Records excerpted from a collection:
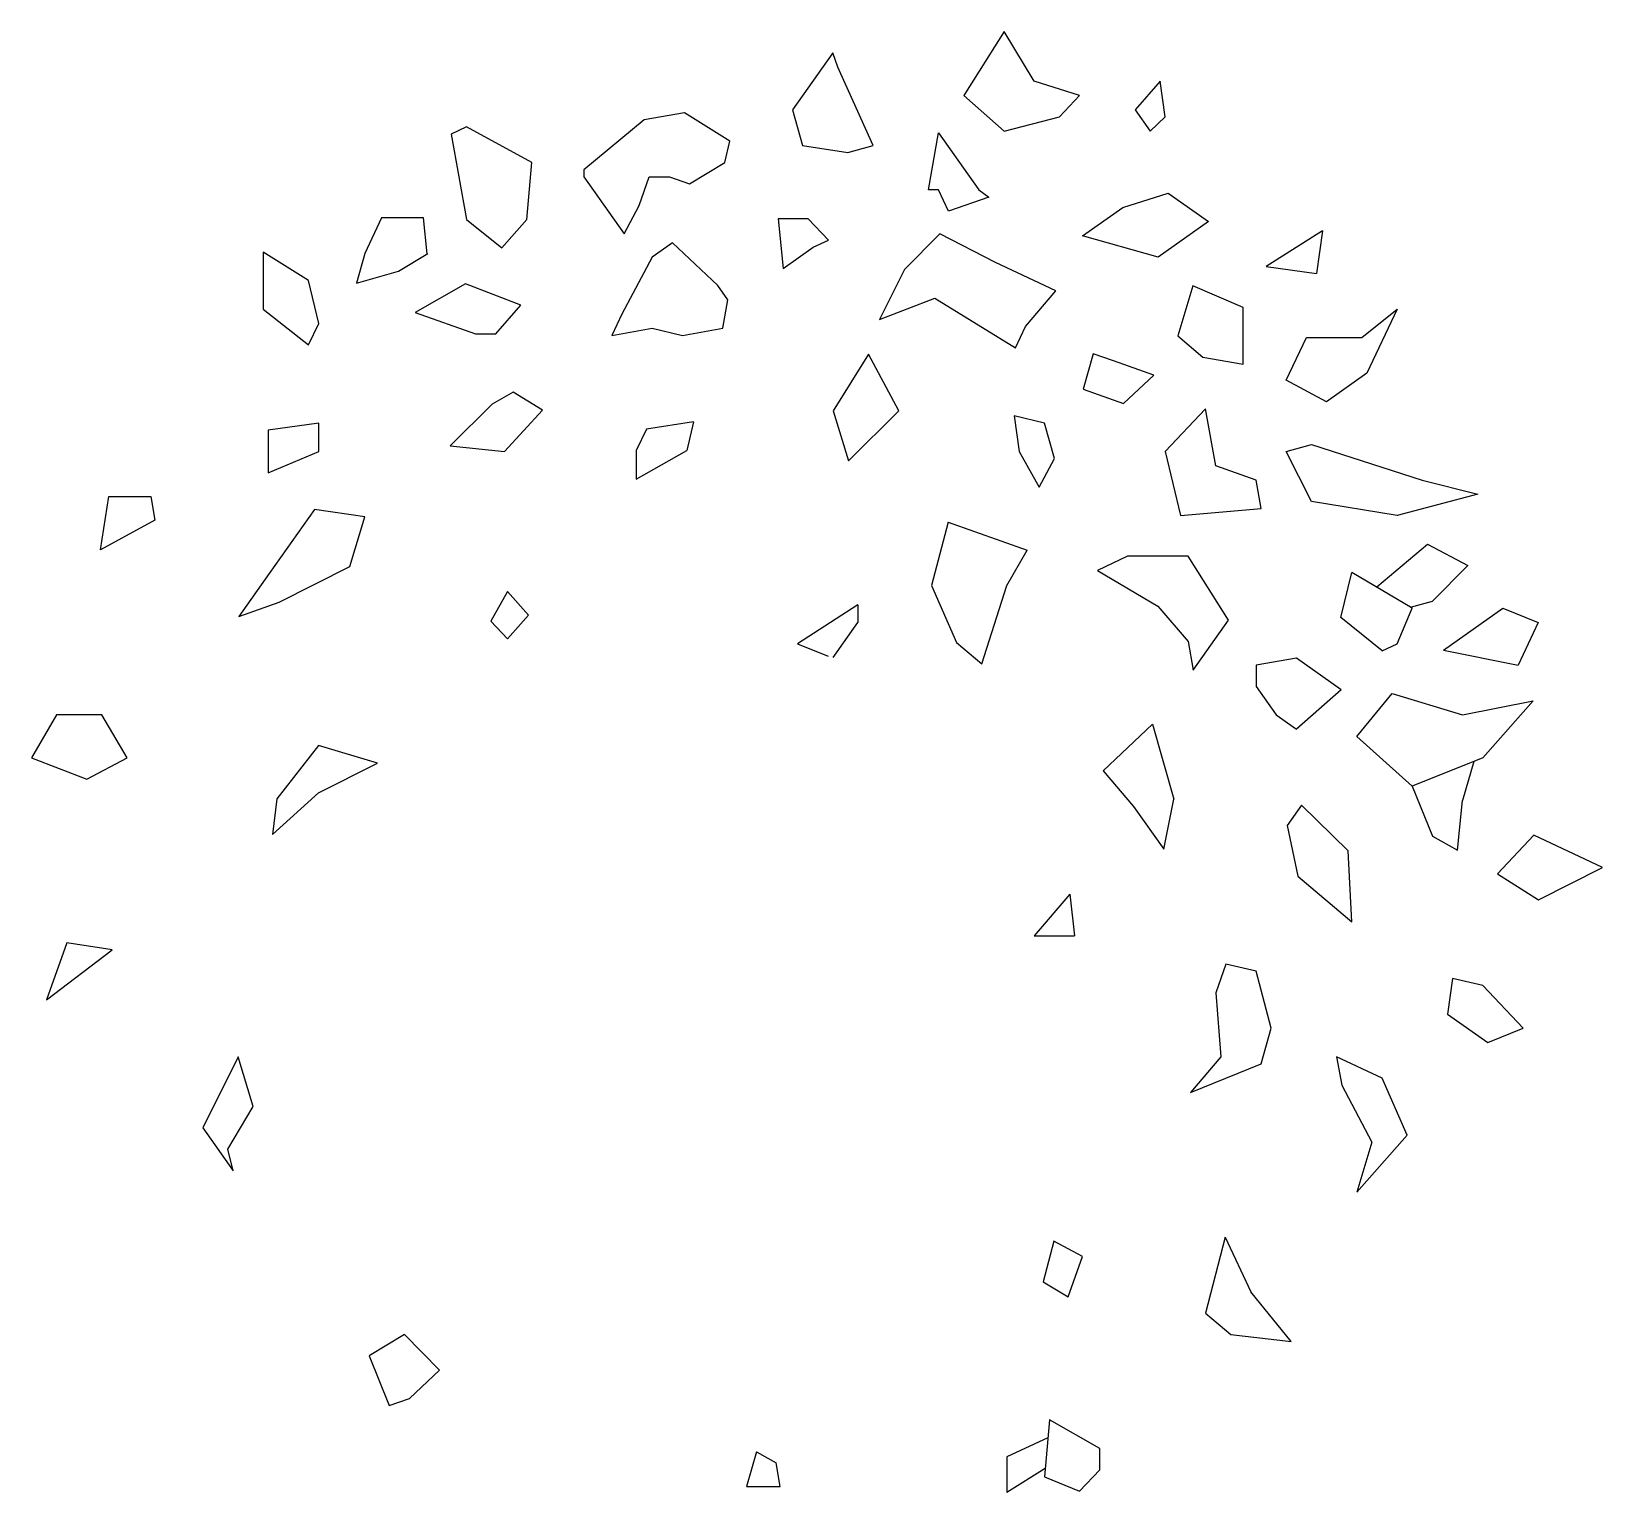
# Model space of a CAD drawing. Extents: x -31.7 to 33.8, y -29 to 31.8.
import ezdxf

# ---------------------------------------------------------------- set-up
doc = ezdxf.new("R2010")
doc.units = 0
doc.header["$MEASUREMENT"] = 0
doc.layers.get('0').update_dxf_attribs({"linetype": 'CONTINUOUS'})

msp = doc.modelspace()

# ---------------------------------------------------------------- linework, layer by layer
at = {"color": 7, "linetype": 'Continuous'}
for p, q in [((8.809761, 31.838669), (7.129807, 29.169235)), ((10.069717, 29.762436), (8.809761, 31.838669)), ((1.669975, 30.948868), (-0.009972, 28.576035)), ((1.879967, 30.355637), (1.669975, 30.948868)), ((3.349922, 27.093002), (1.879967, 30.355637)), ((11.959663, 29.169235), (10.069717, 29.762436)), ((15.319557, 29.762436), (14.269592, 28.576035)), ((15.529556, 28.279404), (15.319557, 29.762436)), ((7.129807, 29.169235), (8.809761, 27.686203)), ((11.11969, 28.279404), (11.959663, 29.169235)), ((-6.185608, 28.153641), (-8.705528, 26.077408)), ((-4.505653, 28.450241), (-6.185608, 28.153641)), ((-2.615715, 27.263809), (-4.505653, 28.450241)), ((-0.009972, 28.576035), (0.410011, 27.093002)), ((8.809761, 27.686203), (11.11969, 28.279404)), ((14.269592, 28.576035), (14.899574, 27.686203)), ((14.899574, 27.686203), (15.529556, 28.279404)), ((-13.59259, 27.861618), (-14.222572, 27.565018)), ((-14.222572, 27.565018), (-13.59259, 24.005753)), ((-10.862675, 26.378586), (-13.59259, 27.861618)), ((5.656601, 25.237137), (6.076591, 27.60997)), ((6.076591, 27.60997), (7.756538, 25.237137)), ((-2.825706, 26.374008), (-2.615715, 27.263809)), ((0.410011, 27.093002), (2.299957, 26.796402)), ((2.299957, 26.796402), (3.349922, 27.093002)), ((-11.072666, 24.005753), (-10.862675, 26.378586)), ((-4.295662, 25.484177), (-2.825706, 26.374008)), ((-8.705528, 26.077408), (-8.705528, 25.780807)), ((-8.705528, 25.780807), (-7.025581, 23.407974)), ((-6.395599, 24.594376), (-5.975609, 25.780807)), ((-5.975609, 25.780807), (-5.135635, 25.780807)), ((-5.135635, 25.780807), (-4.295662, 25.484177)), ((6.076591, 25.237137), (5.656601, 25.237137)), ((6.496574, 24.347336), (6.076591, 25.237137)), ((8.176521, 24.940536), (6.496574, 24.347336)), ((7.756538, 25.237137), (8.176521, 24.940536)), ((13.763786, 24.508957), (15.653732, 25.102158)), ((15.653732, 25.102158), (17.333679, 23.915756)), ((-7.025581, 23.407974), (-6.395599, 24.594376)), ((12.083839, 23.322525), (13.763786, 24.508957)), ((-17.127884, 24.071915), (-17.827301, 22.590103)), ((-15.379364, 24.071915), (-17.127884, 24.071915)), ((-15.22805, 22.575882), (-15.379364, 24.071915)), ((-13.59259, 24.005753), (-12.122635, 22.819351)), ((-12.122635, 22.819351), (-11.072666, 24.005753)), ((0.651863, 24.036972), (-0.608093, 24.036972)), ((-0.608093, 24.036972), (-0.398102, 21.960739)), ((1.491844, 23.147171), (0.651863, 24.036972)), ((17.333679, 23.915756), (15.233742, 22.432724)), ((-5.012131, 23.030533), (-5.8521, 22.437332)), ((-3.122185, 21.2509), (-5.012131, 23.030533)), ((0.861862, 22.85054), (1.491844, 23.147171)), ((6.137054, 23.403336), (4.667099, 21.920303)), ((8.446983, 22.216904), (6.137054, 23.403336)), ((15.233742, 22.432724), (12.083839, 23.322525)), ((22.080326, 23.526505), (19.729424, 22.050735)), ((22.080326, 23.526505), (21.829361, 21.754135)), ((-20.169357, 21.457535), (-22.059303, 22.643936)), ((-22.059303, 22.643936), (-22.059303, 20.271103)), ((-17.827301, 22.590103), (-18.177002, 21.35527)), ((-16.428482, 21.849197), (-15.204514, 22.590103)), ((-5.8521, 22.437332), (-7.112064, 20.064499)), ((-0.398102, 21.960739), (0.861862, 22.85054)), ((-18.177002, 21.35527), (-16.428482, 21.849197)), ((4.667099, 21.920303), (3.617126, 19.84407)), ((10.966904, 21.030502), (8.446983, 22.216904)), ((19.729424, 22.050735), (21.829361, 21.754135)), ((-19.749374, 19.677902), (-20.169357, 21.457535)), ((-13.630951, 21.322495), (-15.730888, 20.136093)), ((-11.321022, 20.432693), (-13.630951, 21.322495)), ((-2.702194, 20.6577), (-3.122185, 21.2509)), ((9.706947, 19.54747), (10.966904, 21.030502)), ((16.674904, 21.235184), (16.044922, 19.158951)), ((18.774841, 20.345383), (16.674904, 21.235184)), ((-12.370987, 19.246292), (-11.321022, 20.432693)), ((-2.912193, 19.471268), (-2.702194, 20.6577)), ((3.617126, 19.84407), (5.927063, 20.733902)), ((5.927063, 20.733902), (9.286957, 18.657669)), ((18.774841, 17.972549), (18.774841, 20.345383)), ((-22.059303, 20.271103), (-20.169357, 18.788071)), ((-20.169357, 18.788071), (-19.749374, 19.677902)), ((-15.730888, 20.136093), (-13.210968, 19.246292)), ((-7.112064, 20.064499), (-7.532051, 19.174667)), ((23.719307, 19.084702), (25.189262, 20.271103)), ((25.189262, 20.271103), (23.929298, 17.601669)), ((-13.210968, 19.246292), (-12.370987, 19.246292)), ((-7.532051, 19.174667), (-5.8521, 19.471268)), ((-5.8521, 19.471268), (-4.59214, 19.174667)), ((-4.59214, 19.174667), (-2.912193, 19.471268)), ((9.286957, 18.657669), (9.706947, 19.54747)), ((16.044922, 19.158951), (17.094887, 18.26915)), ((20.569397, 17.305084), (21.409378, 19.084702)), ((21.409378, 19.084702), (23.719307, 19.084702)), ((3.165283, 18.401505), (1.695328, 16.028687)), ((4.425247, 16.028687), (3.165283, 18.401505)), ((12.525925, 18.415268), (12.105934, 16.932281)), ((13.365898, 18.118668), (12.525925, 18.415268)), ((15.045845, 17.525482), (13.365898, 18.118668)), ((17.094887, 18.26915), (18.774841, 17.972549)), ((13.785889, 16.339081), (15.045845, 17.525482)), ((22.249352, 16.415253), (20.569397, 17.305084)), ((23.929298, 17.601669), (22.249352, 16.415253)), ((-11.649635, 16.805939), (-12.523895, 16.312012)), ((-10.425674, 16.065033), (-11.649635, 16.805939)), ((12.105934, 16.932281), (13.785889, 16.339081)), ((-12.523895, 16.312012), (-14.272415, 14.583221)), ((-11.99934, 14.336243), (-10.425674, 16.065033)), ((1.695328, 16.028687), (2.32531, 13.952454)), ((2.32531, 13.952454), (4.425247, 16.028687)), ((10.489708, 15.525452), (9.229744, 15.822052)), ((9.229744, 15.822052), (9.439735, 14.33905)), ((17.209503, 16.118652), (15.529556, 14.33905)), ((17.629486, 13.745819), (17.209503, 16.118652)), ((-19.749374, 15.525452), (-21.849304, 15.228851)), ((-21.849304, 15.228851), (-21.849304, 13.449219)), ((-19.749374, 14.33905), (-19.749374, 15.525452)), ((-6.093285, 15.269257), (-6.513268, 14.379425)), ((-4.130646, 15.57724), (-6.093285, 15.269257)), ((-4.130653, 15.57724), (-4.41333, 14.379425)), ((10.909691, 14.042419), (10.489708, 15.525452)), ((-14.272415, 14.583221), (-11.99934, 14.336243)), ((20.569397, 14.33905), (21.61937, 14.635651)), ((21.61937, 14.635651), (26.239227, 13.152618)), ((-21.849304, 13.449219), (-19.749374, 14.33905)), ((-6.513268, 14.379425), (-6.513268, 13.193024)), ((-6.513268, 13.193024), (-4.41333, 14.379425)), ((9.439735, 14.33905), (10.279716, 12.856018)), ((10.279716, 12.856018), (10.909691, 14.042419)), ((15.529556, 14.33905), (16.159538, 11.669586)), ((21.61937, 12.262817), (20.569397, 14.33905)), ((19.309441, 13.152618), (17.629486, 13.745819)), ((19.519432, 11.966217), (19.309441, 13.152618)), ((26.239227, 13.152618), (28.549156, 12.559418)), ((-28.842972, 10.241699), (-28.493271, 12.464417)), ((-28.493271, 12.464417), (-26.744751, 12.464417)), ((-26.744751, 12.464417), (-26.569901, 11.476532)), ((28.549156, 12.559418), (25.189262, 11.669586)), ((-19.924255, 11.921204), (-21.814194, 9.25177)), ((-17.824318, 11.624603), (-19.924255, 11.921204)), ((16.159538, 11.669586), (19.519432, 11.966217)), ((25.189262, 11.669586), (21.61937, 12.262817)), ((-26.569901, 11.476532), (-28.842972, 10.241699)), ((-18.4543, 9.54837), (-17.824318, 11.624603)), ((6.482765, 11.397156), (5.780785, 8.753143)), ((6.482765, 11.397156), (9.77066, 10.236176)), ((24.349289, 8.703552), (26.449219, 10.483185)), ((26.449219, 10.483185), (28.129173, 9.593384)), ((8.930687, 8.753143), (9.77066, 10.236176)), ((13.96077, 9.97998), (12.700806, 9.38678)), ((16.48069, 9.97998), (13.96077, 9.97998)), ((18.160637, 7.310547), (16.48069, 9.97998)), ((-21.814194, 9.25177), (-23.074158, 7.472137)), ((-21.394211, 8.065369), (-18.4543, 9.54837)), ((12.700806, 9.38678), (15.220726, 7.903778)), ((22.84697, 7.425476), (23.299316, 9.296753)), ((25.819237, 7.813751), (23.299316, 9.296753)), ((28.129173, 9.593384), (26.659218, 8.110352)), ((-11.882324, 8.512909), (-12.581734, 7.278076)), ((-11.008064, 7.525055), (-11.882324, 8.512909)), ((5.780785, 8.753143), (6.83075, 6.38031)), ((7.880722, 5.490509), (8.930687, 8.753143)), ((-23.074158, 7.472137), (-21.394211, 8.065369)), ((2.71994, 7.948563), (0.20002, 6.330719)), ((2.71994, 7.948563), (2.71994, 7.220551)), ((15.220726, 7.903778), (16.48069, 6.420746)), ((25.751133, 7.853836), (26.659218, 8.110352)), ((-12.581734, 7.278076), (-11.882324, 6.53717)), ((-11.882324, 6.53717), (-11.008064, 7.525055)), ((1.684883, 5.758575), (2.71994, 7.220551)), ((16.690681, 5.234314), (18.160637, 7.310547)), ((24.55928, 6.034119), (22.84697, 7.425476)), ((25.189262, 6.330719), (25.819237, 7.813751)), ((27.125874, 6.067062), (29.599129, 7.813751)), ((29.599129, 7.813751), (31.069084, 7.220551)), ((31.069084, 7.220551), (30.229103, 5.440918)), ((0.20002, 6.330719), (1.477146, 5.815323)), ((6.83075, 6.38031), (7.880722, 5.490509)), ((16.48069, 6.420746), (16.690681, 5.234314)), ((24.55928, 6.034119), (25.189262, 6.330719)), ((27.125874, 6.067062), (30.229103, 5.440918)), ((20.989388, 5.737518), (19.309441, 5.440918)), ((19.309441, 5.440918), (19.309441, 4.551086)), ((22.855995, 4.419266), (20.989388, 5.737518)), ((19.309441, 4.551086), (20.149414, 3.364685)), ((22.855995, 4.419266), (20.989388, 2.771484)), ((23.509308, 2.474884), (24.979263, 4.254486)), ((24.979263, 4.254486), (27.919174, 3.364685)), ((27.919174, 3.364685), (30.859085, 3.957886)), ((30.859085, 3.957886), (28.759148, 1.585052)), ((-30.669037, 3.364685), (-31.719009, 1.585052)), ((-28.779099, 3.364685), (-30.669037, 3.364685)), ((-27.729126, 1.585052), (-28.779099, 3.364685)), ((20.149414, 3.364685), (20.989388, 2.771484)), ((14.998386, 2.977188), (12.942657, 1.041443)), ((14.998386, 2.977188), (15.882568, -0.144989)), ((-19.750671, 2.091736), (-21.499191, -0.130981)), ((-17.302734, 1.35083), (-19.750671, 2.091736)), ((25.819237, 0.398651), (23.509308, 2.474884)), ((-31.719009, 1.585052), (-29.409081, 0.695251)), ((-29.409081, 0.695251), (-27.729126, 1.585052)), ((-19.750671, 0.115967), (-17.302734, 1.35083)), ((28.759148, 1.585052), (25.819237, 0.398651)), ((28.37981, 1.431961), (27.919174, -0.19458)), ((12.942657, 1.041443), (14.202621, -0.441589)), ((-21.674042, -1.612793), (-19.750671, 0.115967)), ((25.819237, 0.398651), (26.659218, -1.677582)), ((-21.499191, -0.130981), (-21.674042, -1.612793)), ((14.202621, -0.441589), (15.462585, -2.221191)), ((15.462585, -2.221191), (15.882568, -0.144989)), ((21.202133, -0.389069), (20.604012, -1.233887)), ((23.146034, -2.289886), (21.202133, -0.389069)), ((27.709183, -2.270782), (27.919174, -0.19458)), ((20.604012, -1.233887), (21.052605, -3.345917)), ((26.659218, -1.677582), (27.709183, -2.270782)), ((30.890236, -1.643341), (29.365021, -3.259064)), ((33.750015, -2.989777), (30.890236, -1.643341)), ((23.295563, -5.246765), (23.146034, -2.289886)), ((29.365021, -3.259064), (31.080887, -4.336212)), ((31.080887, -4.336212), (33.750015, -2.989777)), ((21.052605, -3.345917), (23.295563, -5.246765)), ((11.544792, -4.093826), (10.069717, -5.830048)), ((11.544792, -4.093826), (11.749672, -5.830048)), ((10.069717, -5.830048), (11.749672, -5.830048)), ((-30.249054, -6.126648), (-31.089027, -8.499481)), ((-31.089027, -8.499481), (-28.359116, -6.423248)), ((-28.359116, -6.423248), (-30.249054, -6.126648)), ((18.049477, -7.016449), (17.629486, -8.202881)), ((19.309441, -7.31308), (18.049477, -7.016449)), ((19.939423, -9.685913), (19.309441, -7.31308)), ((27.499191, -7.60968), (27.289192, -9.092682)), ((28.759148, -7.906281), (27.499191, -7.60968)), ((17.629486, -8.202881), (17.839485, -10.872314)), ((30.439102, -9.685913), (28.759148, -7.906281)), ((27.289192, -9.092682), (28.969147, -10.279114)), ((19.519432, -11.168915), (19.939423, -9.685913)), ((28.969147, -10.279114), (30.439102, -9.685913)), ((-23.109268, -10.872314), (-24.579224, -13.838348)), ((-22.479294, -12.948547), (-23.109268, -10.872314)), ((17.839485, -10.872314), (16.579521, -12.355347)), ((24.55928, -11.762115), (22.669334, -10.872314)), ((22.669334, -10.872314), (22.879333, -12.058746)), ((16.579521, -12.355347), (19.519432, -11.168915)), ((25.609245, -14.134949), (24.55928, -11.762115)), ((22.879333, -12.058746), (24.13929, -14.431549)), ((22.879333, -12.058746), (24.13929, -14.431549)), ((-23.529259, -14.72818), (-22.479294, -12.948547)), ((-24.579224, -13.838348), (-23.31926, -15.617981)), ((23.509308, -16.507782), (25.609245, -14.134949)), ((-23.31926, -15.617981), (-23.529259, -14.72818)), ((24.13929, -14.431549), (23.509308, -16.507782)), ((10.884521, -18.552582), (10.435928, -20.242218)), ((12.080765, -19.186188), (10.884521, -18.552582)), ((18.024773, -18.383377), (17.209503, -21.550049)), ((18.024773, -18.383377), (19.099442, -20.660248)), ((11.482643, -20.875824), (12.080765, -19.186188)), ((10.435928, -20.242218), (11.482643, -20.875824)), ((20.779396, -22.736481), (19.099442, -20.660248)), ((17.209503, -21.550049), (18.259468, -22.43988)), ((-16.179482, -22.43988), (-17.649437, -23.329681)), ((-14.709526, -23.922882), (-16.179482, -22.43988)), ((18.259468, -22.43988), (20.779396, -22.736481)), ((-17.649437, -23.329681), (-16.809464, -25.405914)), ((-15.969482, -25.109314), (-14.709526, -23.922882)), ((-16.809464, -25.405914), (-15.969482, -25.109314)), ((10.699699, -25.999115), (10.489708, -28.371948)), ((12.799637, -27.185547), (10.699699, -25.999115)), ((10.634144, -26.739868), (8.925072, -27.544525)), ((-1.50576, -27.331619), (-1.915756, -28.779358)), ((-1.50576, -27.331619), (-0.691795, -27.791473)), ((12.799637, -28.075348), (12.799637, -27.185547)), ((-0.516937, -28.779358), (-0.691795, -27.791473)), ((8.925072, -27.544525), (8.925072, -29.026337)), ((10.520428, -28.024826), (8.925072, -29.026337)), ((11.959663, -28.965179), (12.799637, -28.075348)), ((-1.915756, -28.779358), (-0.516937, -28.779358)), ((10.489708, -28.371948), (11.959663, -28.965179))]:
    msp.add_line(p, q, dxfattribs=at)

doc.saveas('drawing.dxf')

- [WHAT YOU NEED TO DO]:
Copy all lines above where "drawing" is present.

- [TASK ANSWER]:
# Model space of a CAD drawing. Extents: x -31.7 to 33.8, y -29 to 31.8.
doc.saveas('drawing.dxf')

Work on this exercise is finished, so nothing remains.